Article Text
Abstract
Background and aims Hyperthyroidism occurs in about 0.1% -0.4% of pregnancies1, and Graves’ disease accounts for 95% of all cases of hyperthyroid parturients.2 Pregnancy aggravates Graves’ hyperthyroidism in early trimester, remission during late pregnancy and increase in post-partum period.3 To represent anesthesia management for caesarean section in pregnant patients with hyperthyroidism.
Methods Case 1: a 28-year-old parturient, Gravida 5, Para 3, 32–34 weeks gestation, experienced contraction and PROM. She was known for uncontrolled hyperthyroidism, had struma and exoftalmus eyes, T3/TSH level was 2,49 (Normal 0,8–2,0)/<0,01(Normal 0,27–4,2). BP 130/80 mmHg, HR 95 bpm, BW score 0 (minimal risk of thyroid storm). Emergency caesarean section was scheduled with spinal anesthesia (Bupivacain heavy 0,5% 10 mg).
Case 2: a 23-year-old parturient, Primigravida, 39–40 weeks gestation, experienced contraction and PROM. She was known for unmedicated hyperthyroidism, struma, T4/TSH level was 20,24 (Normal 0,93–1,7)/3,48 (Normal 0,27–4,2). BP 102/71 mmHg, HR 108 bpm, BW score 10 (minimal risk of thyroid storm). Emergency caesarean section was scheduled with spinal anesthesia (Bupivacain heavy 0,5% 10 mg).

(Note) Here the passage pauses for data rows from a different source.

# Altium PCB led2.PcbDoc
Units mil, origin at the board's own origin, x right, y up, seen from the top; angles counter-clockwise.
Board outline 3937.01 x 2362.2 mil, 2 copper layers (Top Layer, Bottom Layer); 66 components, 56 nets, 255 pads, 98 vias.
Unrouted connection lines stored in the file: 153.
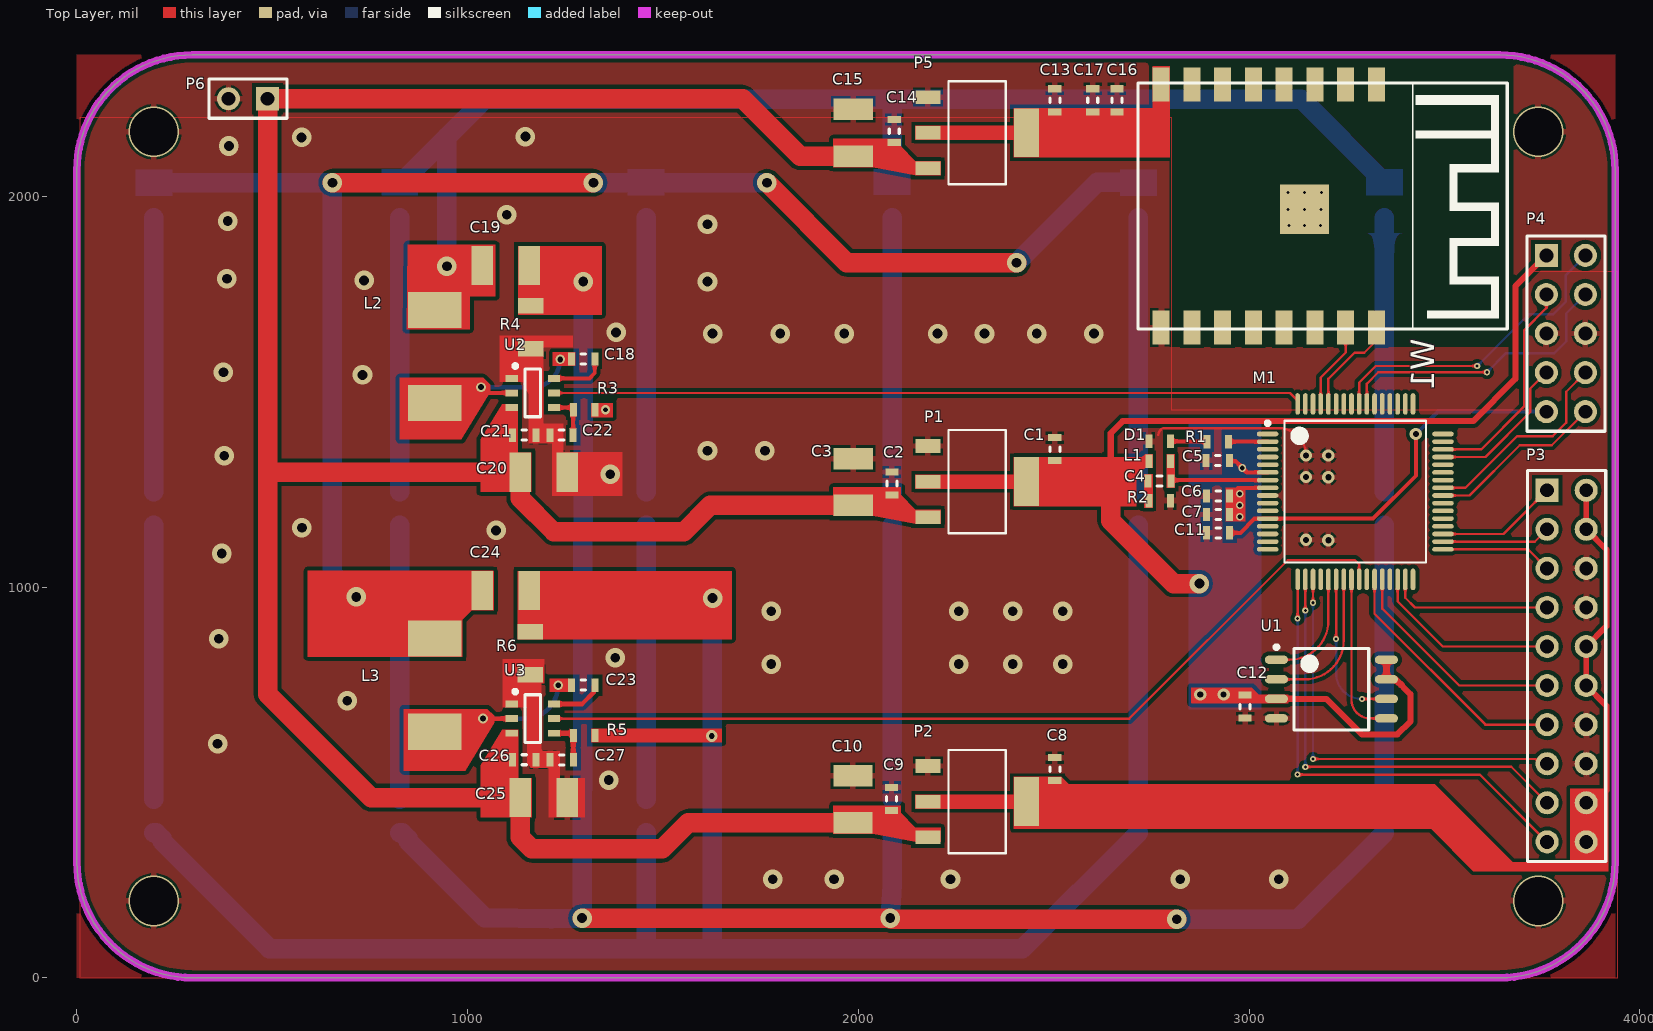
[diagram p0: Top Layer view]
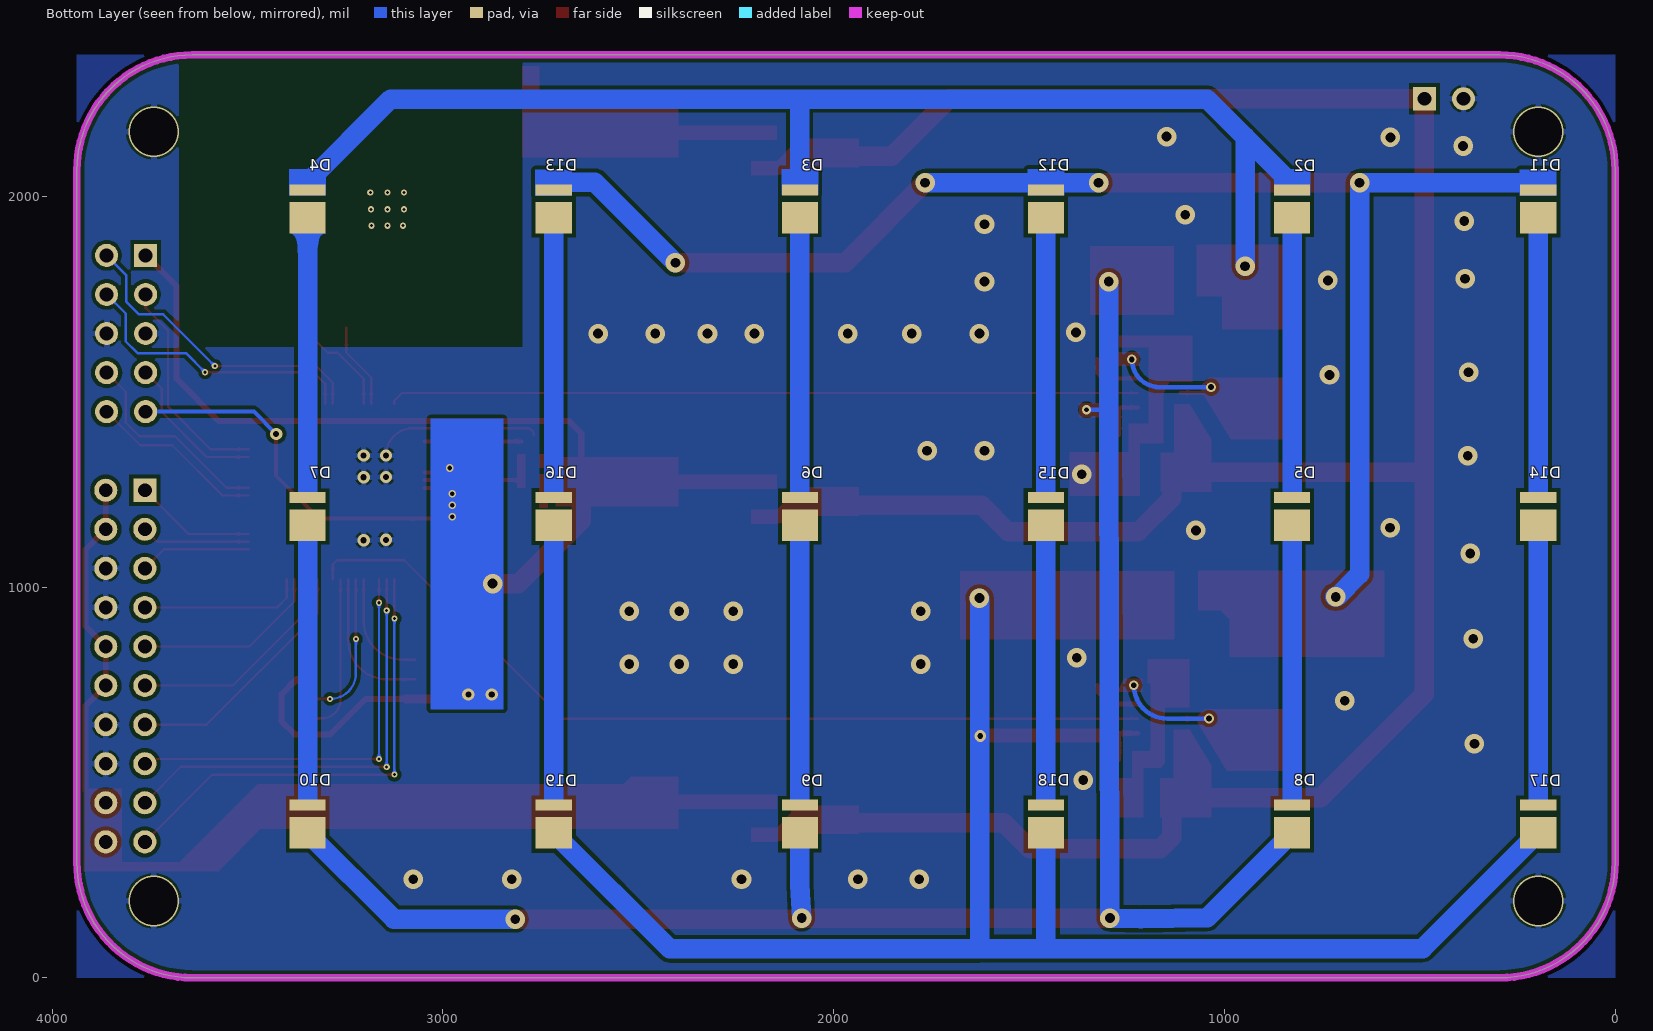
[diagram p1: Bottom Layer view, seen from below]
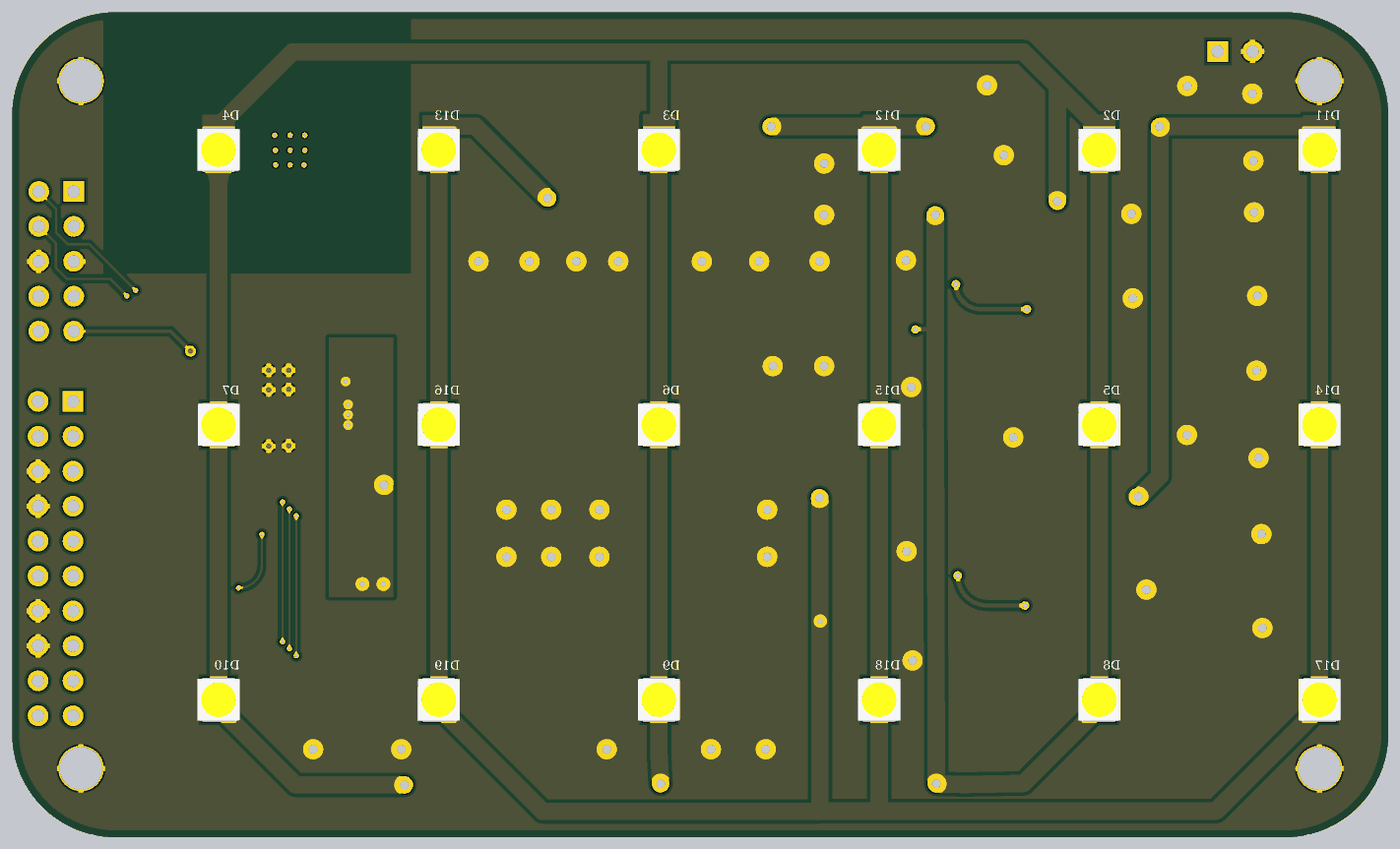
[diagram p2: 3D render of the assembled board from below, using the file's embedded part models]

## Layer stack, top to bottom
Top Solder: solder mask 0.4, Solder Resist, Dk 3.5
Top Layer: signal copper 1.4
Dielectric 1: dielectric 12.6, FR-4, Dk 4.8
Bottom Layer: signal copper 1.4
Bottom Solder: solder mask 0.4, Solder Resist, Dk 3.5

## Board outline
0,295.28 0,2066.93 cw(c295.28,2066.93) 295.28,2362.2 3641.73,2362.2 cw(c3641.73,2066.93) 3937.01,2066.93 3937.01,295.28 cw(c3641.73,295.28) 3641.73,0 295.28,0 cw(c295.28,295.28)

## Design rules (kind name [scope] priority, off if disabled: settings)
Clearance PB [InNamedPolygon('Bottom Layer-GND')] p1: gap=10 ignorepadtopadclearanceinfootprint=FALSE except(0: Arc-Hole Track-Hole SMDPad-Hole THPad-Hole Via-Hole Fill-Hole Poly-Hole Region-Hole Text-Hole)
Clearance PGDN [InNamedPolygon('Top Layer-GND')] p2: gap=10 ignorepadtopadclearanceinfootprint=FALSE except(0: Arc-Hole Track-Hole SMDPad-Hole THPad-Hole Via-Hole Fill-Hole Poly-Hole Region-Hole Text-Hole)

Results We had successful caesarean section in both cases with no episode of thyroid storm or other adverse event throughout surgery and afterwards. Preterm (case 1) and a term baby (case 2) were delivered with apgar score 7/9.
Conclusions Regional technique using spinal anesthesia for caesarean section in hyperthyroid parturients was revealed maternal and neonatal safe outcomes. Spinal anesthesia in hyperthyroid parturient was preferable due to its sympathetic block, non-tocolytic effect, and good post-operative analgesia which is beneficial to avoid excitement of thyroid storm.